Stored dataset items
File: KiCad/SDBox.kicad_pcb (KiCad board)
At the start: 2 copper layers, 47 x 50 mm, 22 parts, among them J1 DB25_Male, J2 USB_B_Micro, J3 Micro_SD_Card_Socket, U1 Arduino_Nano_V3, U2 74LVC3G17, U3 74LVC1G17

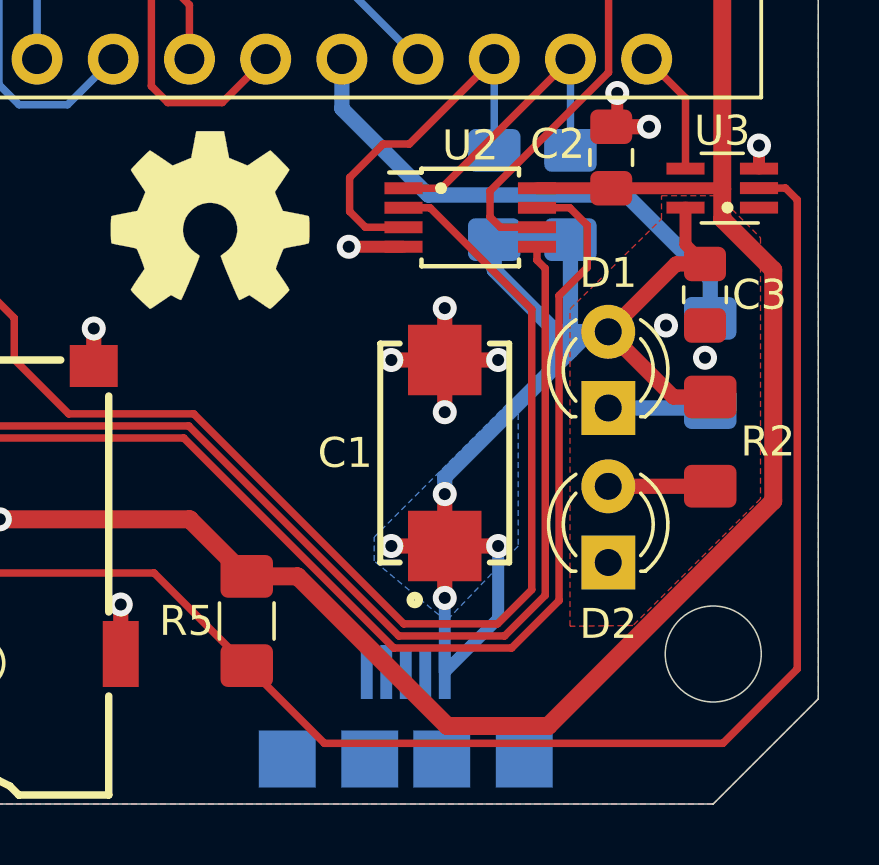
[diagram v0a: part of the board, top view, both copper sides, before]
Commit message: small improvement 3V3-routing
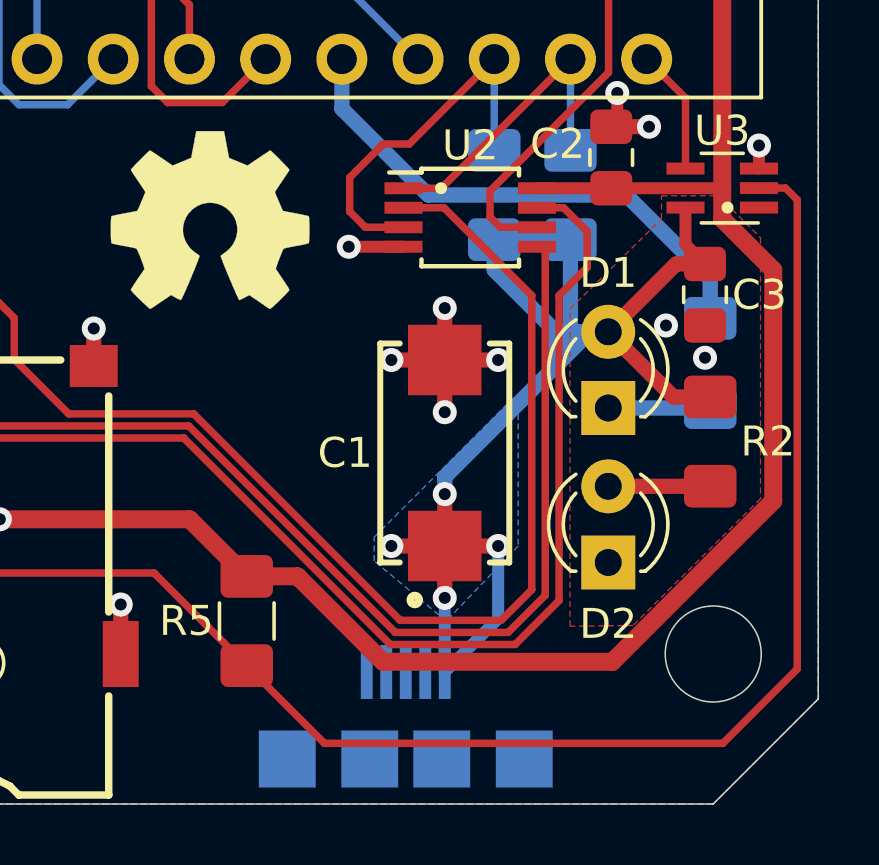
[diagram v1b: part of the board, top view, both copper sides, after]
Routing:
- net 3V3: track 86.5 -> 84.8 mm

[Exercise prompt]: All lines above with the word "copper" need to be reported.

[Result for this task]:
At the start: 2 copper layers, 47 x 50 mm, 22 parts, among them J1 DB25_Male, J2 USB_B_Micro, J3 Micro_SD_Card_Socket, U1 Arduino_Nano_V3, U2 74LVC3G17, U3 74LVC1G17
[diagram v0a: part of the board, top view, both copper sides, before]
[diagram v1b: part of the board, top view, both copper sides, after]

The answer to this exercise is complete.